-- INFORMATION PROVIDED follows --

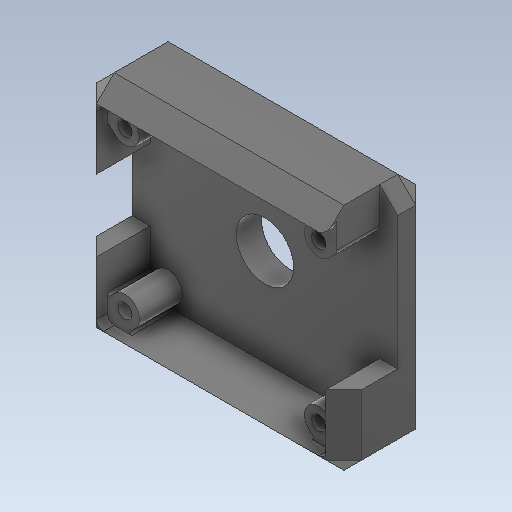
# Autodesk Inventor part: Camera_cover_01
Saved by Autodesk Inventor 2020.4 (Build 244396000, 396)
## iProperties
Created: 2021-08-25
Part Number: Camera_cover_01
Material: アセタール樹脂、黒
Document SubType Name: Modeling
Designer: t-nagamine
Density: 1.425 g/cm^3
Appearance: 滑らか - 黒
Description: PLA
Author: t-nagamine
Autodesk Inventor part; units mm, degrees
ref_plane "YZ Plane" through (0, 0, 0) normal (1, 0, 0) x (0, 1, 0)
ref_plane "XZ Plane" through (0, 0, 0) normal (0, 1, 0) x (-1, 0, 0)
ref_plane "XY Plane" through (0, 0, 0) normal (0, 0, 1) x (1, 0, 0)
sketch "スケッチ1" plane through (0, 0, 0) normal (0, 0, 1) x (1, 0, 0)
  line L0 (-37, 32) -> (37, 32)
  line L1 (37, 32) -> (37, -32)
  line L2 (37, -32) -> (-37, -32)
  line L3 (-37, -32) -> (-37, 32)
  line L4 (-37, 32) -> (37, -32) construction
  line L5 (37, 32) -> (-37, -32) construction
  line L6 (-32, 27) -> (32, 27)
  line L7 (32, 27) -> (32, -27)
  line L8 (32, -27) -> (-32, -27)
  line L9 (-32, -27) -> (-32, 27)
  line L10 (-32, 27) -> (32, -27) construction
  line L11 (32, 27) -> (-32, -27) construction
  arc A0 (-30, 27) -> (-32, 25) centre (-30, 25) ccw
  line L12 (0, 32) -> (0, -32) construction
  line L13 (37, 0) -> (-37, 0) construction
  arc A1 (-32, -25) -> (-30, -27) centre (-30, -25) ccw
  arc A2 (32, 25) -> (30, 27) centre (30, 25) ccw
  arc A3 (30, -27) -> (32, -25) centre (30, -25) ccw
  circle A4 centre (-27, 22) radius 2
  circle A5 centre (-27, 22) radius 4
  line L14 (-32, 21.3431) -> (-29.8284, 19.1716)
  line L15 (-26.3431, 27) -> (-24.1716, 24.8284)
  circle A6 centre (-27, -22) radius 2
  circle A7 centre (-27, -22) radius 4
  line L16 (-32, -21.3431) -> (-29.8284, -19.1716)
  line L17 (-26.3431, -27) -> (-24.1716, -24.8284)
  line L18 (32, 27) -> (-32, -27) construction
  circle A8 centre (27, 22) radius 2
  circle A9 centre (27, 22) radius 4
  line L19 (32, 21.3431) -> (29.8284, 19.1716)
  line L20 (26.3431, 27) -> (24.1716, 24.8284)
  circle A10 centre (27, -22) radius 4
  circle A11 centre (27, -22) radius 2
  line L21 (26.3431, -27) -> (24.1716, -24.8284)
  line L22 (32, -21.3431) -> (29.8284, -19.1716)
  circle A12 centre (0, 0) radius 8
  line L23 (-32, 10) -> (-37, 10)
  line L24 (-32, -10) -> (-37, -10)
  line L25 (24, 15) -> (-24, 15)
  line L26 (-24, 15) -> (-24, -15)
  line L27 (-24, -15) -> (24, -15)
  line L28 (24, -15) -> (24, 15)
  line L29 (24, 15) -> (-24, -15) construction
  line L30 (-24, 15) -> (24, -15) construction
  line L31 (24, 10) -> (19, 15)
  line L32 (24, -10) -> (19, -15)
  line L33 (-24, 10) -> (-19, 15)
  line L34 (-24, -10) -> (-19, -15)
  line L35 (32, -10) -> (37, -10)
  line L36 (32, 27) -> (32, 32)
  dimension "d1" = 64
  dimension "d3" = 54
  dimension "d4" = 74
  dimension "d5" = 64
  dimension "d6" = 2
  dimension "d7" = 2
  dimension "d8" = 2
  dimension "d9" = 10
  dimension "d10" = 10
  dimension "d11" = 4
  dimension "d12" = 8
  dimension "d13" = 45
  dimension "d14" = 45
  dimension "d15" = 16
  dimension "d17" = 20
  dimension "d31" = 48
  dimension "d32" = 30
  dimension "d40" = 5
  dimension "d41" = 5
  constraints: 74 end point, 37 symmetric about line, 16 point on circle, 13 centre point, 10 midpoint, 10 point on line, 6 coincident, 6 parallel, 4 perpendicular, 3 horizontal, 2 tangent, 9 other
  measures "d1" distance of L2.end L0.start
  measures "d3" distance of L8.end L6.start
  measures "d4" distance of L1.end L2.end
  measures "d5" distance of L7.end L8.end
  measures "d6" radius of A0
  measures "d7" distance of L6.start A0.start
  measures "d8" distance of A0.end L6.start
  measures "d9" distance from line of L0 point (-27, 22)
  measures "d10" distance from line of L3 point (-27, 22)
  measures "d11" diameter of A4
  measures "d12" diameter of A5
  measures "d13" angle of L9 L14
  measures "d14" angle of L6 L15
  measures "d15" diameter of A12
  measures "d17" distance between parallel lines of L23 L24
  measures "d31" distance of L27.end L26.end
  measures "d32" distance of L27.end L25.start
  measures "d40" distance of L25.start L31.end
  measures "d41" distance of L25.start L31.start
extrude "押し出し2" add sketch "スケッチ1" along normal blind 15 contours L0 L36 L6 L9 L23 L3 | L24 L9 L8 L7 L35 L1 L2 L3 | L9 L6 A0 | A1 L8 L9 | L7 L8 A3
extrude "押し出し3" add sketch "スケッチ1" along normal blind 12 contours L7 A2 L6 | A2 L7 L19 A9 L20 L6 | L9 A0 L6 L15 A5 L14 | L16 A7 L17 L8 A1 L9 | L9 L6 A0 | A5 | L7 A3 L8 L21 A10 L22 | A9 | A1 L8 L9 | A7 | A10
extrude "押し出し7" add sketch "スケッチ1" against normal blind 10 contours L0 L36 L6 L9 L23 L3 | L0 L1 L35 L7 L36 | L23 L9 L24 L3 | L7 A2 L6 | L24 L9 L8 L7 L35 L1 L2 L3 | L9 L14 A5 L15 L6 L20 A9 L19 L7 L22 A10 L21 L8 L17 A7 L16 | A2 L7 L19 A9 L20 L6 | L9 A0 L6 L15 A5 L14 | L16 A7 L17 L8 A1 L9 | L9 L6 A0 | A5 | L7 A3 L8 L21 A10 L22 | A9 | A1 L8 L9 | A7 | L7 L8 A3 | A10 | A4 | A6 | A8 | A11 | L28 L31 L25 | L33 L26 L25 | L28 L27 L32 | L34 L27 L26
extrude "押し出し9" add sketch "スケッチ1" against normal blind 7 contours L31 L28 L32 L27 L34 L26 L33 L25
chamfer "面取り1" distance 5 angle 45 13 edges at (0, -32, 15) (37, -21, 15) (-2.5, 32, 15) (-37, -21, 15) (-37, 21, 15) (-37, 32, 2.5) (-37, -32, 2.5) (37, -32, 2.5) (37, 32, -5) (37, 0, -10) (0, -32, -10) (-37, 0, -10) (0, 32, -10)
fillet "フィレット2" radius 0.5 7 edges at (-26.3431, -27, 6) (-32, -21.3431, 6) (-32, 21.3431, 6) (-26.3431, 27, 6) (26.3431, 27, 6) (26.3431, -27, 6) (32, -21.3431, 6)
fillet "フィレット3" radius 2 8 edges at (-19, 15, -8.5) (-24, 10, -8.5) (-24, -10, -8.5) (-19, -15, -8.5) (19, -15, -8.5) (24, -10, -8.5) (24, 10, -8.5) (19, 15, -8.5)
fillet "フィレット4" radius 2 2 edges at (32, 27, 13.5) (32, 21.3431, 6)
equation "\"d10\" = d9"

-- INFORMATION PROVIDED concluded --

▶ ASSIGNMENT
Except for the pictures, copy the material above exactly.

▶ RESULT BELOW
# Autodesk Inventor part: Camera_cover_01
Saved by Autodesk Inventor 2020.4 (Build 244396000, 396)
## iProperties
Created: 2021-08-25
Part Number: Camera_cover_01
Material: アセタール樹脂、黒
Document SubType Name: Modeling
Designer: t-nagamine
Density: 1.425 g/cm^3
Appearance: 滑らか - 黒
Description: PLA
Author: t-nagamine
Autodesk Inventor part; units mm, degrees
ref_plane "YZ Plane" through (0, 0, 0) normal (1, 0, 0) x (0, 1, 0)
ref_plane "XZ Plane" through (0, 0, 0) normal (0, 1, 0) x (-1, 0, 0)
ref_plane "XY Plane" through (0, 0, 0) normal (0, 0, 1) x (1, 0, 0)
sketch "スケッチ1" plane through (0, 0, 0) normal (0, 0, 1) x (1, 0, 0)
  line L0 (-37, 32) -> (37, 32)
  line L1 (37, 32) -> (37, -32)
  line L2 (37, -32) -> (-37, -32)
  line L3 (-37, -32) -> (-37, 32)
  line L4 (-37, 32) -> (37, -32) construction
  line L5 (37, 32) -> (-37, -32) construction
  line L6 (-32, 27) -> (32, 27)
  line L7 (32, 27) -> (32, -27)
  line L8 (32, -27) -> (-32, -27)
  line L9 (-32, -27) -> (-32, 27)
  line L10 (-32, 27) -> (32, -27) construction
  line L11 (32, 27) -> (-32, -27) construction
  arc A0 (-30, 27) -> (-32, 25) centre (-30, 25) ccw
  line L12 (0, 32) -> (0, -32) construction
  line L13 (37, 0) -> (-37, 0) construction
  arc A1 (-32, -25) -> (-30, -27) centre (-30, -25) ccw
  arc A2 (32, 25) -> (30, 27) centre (30, 25) ccw
  arc A3 (30, -27) -> (32, -25) centre (30, -25) ccw
  circle A4 centre (-27, 22) radius 2
  circle A5 centre (-27, 22) radius 4
  line L14 (-32, 21.3431) -> (-29.8284, 19.1716)
  line L15 (-26.3431, 27) -> (-24.1716, 24.8284)
  circle A6 centre (-27, -22) radius 2
  circle A7 centre (-27, -22) radius 4
  line L16 (-32, -21.3431) -> (-29.8284, -19.1716)
  line L17 (-26.3431, -27) -> (-24.1716, -24.8284)
  line L18 (32, 27) -> (-32, -27) construction
  circle A8 centre (27, 22) radius 2
  circle A9 centre (27, 22) radius 4
  line L19 (32, 21.3431) -> (29.8284, 19.1716)
  line L20 (26.3431, 27) -> (24.1716, 24.8284)
  circle A10 centre (27, -22) radius 4
  circle A11 centre (27, -22) radius 2
  line L21 (26.3431, -27) -> (24.1716, -24.8284)
  line L22 (32, -21.3431) -> (29.8284, -19.1716)
  circle A12 centre (0, 0) radius 8
  line L23 (-32, 10) -> (-37, 10)
  line L24 (-32, -10) -> (-37, -10)
  line L25 (24, 15) -> (-24, 15)
  line L26 (-24, 15) -> (-24, -15)
  line L27 (-24, -15) -> (24, -15)
  line L28 (24, -15) -> (24, 15)
  line L29 (24, 15) -> (-24, -15) construction
  line L30 (-24, 15) -> (24, -15) construction
  line L31 (24, 10) -> (19, 15)
  line L32 (24, -10) -> (19, -15)
  line L33 (-24, 10) -> (-19, 15)
  line L34 (-24, -10) -> (-19, -15)
  line L35 (32, -10) -> (37, -10)
  line L36 (32, 27) -> (32, 32)
  dimension "d1" = 64
  dimension "d3" = 54
  dimension "d4" = 74
  dimension "d5" = 64
  dimension "d6" = 2
  dimension "d7" = 2
  dimension "d8" = 2
  dimension "d9" = 10
  dimension "d10" = 10
  dimension "d11" = 4
  dimension "d12" = 8
  dimension "d13" = 45
  dimension "d14" = 45
  dimension "d15" = 16
  dimension "d17" = 20
  dimension "d31" = 48
  dimension "d32" = 30
  dimension "d40" = 5
  dimension "d41" = 5
  constraints: 74 end point, 37 symmetric about line, 16 point on circle, 13 centre point, 10 midpoint, 10 point on line, 6 coincident, 6 parallel, 4 perpendicular, 3 horizontal, 2 tangent, 9 other
  measures "d1" distance of L2.end L0.start
  measures "d3" distance of L8.end L6.start
  measures "d4" distance of L1.end L2.end
  measures "d5" distance of L7.end L8.end
  measures "d6" radius of A0
  measures "d7" distance of L6.start A0.start
  measures "d8" distance of A0.end L6.start
  measures "d9" distance from line of L0 point (-27, 22)
  measures "d10" distance from line of L3 point (-27, 22)
  measures "d11" diameter of A4
  measures "d12" diameter of A5
  measures "d13" angle of L9 L14
  measures "d14" angle of L6 L15
  measures "d15" diameter of A12
  measures "d17" distance between parallel lines of L23 L24
  measures "d31" distance of L27.end L26.end
  measures "d32" distance of L27.end L25.start
  measures "d40" distance of L25.start L31.end
  measures "d41" distance of L25.start L31.start
extrude "押し出し2" add sketch "スケッチ1" along normal blind 15 contours L0 L36 L6 L9 L23 L3 | L24 L9 L8 L7 L35 L1 L2 L3 | L9 L6 A0 | A1 L8 L9 | L7 L8 A3
extrude "押し出し3" add sketch "スケッチ1" along normal blind 12 contours L7 A2 L6 | A2 L7 L19 A9 L20 L6 | L9 A0 L6 L15 A5 L14 | L16 A7 L17 L8 A1 L9 | L9 L6 A0 | A5 | L7 A3 L8 L21 A10 L22 | A9 | A1 L8 L9 | A7 | A10
extrude "押し出し7" add sketch "スケッチ1" against normal blind 10 contours L0 L36 L6 L9 L23 L3 | L0 L1 L35 L7 L36 | L23 L9 L24 L3 | L7 A2 L6 | L24 L9 L8 L7 L35 L1 L2 L3 | L9 L14 A5 L15 L6 L20 A9 L19 L7 L22 A10 L21 L8 L17 A7 L16 | A2 L7 L19 A9 L20 L6 | L9 A0 L6 L15 A5 L14 | L16 A7 L17 L8 A1 L9 | L9 L6 A0 | A5 | L7 A3 L8 L21 A10 L22 | A9 | A1 L8 L9 | A7 | L7 L8 A3 | A10 | A4 | A6 | A8 | A11 | L28 L31 L25 | L33 L26 L25 | L28 L27 L32 | L34 L27 L26
extrude "押し出し9" add sketch "スケッチ1" against normal blind 7 contours L31 L28 L32 L27 L34 L26 L33 L25
chamfer "面取り1" distance 5 angle 45 13 edges at (0, -32, 15) (37, -21, 15) (-2.5, 32, 15) (-37, -21, 15) (-37, 21, 15) (-37, 32, 2.5) (-37, -32, 2.5) (37, -32, 2.5) (37, 32, -5) (37, 0, -10) (0, -32, -10) (-37, 0, -10) (0, 32, -10)
fillet "フィレット2" radius 0.5 7 edges at (-26.3431, -27, 6) (-32, -21.3431, 6) (-32, 21.3431, 6) (-26.3431, 27, 6) (26.3431, 27, 6) (26.3431, -27, 6) (32, -21.3431, 6)
fillet "フィレット3" radius 2 8 edges at (-19, 15, -8.5) (-24, 10, -8.5) (-24, -10, -8.5) (-19, -15, -8.5) (19, -15, -8.5) (24, -10, -8.5) (24, 10, -8.5) (19, 15, -8.5)
fillet "フィレット4" radius 2 2 edges at (32, 27, 13.5) (32, 21.3431, 6)
equation "\"d10\" = d9"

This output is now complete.